In the presence of superficial lesions that do not affect visual acuity, special therapy is not prescribed, but the child should be constantly monitored by a doctor in order to monitor the progression of the pathology.

More often (in 70% of cases), by the age of 7-8 years of life, the neoplasms disappear on their own; in other situations, the use of steroid medications is required or cosmetic surgery is prescribed.

If the presence of the disease negatively affects visual acuity, then removal of the lesion is required. To eliminate the tumor, laser treatment or liquid nitrogen can be used.

The measure of influence is selected depending on the age category of the patient. Often, after removal of the lesion, the doctor prescribes hormonal medications or radiation exposure (prescribed only as a last resort).

Reasons for appearance

The reasons why hemangioma appears on the eyelid or conjunctiva are not fully understood. Since the formation often occurs in infants, doctors agree that it is caused by disorders of the cells of the vascular wall. Such processes are observed starting from the 7th week of pregnancy. Based on the fact that the process of vascular development in the fetus has not been fully studied, doctors cannot accurately determine the factors that influence the appearance of hemangioma. However, any disturbances in the process of formation of blood vessels can contribute to their excessive growth, which provokes the formation of hemangioma of the choroid and conjunctiva.

Treatment

Diagnosis of eye hemangioma is not difficult, but the specialist must take into account that the tumor may be predisposed to rapid growth.

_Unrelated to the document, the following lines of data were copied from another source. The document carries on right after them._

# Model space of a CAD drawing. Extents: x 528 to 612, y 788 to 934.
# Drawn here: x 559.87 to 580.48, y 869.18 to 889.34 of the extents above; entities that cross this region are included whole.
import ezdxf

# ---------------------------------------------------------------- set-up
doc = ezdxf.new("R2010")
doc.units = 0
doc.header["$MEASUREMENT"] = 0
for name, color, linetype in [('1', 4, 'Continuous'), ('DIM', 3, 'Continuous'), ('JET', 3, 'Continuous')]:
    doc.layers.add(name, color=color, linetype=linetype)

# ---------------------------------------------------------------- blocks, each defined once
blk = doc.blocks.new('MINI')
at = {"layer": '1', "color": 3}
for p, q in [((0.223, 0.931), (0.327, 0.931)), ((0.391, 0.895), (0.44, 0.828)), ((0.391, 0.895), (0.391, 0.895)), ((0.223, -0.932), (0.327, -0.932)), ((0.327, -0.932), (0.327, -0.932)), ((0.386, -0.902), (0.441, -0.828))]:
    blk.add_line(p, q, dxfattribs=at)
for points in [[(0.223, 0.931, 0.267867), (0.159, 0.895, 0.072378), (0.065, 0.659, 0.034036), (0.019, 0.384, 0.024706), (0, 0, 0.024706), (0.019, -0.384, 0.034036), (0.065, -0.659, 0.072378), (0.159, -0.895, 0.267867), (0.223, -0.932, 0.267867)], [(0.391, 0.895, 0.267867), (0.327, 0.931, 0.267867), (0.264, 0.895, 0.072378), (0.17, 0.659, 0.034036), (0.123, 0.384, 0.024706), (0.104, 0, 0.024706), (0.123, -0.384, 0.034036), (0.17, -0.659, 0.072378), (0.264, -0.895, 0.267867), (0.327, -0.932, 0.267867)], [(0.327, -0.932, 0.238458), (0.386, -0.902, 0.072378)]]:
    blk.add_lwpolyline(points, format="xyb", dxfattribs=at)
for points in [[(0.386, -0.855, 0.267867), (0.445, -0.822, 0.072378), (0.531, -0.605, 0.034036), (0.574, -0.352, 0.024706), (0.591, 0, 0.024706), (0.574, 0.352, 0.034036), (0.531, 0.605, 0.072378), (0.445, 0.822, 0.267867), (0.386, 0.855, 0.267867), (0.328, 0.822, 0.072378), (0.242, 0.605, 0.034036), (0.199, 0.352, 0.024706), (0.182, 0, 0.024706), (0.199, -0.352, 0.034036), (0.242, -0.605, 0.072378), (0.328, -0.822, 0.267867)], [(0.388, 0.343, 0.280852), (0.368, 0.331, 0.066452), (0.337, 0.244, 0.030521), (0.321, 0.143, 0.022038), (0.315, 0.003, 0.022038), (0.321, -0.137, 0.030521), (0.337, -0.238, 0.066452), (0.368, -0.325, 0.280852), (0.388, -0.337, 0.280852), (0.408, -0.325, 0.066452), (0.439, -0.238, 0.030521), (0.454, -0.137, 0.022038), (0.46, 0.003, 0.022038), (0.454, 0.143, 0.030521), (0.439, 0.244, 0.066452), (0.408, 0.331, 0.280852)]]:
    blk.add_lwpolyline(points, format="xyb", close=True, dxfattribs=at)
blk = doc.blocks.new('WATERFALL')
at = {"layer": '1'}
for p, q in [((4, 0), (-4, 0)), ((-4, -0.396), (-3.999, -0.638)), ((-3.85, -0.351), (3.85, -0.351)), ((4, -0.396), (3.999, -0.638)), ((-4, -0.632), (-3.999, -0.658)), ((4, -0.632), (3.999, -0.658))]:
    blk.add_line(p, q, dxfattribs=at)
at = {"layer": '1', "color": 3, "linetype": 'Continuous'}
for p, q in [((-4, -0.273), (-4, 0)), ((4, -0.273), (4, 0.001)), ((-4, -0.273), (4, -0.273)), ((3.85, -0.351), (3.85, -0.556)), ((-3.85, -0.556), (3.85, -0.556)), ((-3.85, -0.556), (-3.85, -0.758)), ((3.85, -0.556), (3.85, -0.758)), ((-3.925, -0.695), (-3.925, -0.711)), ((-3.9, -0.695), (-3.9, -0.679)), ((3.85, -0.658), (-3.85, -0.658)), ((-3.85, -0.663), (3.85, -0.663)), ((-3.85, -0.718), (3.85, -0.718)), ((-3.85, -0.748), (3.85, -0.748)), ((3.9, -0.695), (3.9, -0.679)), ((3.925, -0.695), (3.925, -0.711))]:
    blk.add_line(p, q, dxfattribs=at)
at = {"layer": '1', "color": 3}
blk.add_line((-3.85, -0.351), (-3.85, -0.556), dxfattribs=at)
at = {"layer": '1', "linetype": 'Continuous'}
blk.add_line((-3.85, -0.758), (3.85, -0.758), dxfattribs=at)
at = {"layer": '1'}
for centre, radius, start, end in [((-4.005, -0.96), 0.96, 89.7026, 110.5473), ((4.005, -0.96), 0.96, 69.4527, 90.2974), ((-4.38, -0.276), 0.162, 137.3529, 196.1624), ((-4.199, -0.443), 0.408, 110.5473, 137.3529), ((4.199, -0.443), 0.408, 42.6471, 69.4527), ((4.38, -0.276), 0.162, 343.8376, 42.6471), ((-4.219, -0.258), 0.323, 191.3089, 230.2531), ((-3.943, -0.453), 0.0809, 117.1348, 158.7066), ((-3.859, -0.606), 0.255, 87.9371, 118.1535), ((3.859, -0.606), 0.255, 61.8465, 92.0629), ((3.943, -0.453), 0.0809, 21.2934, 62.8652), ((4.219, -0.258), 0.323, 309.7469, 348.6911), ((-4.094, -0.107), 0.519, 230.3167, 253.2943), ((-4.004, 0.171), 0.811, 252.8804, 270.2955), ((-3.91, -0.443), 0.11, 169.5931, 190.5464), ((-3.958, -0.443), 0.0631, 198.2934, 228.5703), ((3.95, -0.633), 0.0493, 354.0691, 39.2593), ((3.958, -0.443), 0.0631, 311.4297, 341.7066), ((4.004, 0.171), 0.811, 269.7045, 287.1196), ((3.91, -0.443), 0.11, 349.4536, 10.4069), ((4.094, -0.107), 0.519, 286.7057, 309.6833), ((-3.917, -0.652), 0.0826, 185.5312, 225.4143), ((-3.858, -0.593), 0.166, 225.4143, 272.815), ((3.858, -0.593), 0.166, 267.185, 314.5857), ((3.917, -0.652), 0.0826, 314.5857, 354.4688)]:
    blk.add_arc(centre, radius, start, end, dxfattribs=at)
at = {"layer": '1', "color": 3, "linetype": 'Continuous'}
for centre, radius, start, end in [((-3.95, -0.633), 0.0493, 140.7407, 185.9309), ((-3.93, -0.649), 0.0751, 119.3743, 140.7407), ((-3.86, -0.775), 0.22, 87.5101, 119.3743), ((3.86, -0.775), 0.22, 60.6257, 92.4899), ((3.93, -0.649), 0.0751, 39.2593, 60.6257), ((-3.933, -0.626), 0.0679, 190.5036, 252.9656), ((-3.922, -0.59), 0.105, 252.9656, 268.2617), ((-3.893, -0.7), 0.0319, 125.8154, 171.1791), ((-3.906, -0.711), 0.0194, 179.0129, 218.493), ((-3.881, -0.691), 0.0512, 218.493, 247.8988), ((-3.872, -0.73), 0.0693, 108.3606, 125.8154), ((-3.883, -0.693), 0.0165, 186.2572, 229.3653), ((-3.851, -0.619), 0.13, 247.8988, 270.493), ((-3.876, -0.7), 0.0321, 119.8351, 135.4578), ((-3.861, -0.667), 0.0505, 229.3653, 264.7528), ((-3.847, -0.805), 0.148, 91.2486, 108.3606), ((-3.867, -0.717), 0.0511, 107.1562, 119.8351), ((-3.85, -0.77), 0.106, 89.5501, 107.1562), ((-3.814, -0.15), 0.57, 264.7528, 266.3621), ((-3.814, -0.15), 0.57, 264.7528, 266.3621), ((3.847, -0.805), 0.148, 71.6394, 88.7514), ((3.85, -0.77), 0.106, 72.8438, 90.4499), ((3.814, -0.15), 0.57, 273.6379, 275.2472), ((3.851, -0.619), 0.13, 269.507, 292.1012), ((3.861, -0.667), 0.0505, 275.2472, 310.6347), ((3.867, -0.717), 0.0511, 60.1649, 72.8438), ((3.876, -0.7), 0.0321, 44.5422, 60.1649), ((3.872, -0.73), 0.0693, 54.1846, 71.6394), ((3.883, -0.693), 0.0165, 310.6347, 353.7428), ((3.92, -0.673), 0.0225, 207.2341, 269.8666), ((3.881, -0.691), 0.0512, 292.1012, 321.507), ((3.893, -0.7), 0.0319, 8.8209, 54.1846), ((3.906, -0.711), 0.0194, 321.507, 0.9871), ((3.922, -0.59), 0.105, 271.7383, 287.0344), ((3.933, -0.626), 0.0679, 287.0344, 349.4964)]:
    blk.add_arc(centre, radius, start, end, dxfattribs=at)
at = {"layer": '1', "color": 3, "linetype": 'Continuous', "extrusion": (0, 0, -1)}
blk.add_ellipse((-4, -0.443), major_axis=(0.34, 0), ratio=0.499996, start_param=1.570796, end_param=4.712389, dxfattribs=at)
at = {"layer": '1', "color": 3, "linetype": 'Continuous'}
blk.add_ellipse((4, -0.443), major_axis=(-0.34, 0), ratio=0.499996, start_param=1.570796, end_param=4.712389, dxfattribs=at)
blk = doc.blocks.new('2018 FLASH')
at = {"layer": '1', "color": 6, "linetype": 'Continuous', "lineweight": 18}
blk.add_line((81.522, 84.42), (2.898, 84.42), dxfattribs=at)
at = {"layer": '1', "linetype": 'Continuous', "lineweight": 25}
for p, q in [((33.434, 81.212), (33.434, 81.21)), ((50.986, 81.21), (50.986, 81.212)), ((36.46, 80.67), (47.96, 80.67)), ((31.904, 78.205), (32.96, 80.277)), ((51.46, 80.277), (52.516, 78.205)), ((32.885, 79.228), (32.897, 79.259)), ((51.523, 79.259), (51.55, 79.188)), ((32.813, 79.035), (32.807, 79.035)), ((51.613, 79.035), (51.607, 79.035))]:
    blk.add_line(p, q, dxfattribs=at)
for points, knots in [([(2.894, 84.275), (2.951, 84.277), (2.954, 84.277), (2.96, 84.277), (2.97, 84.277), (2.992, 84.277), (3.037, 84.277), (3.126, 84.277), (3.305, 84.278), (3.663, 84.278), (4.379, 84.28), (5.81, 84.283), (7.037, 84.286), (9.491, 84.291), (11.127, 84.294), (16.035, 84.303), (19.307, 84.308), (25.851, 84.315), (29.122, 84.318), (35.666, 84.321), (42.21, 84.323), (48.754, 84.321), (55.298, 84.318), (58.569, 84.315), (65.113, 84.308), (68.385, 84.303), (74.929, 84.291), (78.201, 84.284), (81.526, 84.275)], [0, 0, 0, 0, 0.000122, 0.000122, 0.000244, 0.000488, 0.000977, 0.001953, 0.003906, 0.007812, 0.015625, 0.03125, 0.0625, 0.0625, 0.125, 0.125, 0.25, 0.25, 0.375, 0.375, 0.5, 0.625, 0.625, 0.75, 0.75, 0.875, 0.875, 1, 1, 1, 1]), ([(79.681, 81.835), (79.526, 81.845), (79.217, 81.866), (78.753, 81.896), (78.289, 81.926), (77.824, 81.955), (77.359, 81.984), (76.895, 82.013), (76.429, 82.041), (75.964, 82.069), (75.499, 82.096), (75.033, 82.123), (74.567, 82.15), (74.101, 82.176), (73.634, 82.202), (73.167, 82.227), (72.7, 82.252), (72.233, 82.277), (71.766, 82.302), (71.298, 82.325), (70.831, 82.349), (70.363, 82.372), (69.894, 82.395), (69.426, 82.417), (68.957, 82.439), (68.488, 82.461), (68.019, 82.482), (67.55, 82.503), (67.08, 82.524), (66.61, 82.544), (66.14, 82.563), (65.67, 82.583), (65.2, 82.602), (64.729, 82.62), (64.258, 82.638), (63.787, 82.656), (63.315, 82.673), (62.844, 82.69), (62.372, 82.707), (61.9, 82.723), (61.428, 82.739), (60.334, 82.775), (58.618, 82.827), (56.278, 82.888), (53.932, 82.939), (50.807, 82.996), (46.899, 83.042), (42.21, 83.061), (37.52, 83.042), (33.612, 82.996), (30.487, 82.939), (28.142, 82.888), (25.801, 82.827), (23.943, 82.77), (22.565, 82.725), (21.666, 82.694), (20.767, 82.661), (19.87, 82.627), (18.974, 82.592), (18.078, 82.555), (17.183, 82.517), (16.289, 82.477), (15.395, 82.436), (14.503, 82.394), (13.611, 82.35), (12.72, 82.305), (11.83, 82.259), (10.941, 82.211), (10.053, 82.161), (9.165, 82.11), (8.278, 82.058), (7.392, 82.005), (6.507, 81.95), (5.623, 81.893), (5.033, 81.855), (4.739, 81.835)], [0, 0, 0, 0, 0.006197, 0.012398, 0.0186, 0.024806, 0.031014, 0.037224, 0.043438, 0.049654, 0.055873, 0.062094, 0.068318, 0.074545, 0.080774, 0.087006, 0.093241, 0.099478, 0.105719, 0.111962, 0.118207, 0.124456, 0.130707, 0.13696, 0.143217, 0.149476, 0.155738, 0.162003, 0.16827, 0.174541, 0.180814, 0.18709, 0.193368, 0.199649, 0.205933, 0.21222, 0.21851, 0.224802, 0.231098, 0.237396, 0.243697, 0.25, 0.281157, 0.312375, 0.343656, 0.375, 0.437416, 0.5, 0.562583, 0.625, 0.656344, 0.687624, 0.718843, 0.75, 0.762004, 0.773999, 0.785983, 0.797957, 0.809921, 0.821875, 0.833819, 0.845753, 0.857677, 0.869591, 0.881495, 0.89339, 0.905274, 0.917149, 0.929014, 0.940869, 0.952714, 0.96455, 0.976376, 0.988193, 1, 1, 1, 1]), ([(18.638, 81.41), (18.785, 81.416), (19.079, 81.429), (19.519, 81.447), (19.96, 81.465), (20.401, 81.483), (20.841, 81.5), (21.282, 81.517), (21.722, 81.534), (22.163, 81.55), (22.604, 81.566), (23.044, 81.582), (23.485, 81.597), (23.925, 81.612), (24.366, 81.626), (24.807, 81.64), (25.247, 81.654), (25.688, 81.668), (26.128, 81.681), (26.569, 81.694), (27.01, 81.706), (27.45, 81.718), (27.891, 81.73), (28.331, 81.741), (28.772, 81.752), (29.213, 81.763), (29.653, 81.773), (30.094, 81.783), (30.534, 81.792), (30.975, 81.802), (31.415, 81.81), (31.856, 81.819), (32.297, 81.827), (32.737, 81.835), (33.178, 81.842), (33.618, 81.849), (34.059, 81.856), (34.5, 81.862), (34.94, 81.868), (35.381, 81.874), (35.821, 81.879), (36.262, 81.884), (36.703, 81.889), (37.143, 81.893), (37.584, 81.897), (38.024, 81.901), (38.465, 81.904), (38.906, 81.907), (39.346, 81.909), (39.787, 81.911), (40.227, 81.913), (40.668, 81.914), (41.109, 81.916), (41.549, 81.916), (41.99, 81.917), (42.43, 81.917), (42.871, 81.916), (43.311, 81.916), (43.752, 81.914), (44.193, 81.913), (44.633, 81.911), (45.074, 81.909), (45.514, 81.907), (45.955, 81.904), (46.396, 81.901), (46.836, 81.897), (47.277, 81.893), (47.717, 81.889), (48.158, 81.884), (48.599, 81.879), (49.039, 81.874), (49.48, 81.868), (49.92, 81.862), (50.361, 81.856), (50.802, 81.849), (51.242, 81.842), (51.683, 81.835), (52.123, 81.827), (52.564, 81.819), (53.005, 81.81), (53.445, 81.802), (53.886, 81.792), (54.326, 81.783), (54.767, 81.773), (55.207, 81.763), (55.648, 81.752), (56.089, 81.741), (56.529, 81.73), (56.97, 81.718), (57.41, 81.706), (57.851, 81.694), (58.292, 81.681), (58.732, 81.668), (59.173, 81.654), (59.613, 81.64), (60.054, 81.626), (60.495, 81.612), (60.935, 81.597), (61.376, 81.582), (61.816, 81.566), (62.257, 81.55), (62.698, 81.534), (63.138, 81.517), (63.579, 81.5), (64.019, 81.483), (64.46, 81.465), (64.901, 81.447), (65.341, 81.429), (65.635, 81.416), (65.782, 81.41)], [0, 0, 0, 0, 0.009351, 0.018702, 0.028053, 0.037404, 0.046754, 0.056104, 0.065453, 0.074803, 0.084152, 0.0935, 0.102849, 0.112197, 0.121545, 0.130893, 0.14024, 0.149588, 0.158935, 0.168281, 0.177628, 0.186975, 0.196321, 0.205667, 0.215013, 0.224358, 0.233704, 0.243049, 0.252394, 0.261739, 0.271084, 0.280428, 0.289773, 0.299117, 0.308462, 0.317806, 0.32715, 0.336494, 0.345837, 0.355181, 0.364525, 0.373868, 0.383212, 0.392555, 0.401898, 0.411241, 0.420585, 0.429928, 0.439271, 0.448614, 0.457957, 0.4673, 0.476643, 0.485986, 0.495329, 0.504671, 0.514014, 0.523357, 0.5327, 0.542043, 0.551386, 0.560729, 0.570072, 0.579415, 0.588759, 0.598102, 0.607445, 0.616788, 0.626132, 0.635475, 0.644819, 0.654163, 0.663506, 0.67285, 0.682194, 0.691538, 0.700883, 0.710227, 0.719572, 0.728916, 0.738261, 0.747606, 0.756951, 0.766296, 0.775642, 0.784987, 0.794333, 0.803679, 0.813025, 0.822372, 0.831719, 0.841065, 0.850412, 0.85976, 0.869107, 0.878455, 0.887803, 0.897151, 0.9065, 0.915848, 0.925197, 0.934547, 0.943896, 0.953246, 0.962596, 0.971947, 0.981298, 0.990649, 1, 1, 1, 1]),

For this reason, even the smallest hemangioma requires an examination by an ophthalmologist, who will determine the need for treatment and will be able to prescribe the most appropriate therapeutic measures in each individual case.

If the tumor does not interfere with the small patient, then treatment is not prescribed during the first few months. As the process progresses, the question of removing the tumor is raised, since the risk of complications increases.

Several effective measures have been identified:

  • Ligation – when the lesion grows, the specialist ligates the vessel that feeds the tumor. In this case, a rapid decrease in the size of the formation is observed.
  • Peeling is carried out using ethyl alcohol, and a decrease in size is also observed.
  • Hormonal therapy is indicated for small lesions.
  • Electrocoagulation - a similar measure is characterized by the effect of a small current on the affected area. It can be prescribed as a primary or additional measure of therapy.
  • Exposure to a laser beam is prescribed when the formation is localized close to the eyeball.
  • Cryodestruction is the use of liquid nitrogen to freeze the affected area. As a result of the procedure, a crust appears, which subsequently disappears on its own, and healthy skin forms in its place.
  • Surgical intervention is prescribed only if other measures are impossible or ineffective. After removal, a scar remains on the eyelid.

The prescription of effective measures depends on the patient’s age, the size and growth rate of the tumor, and general health.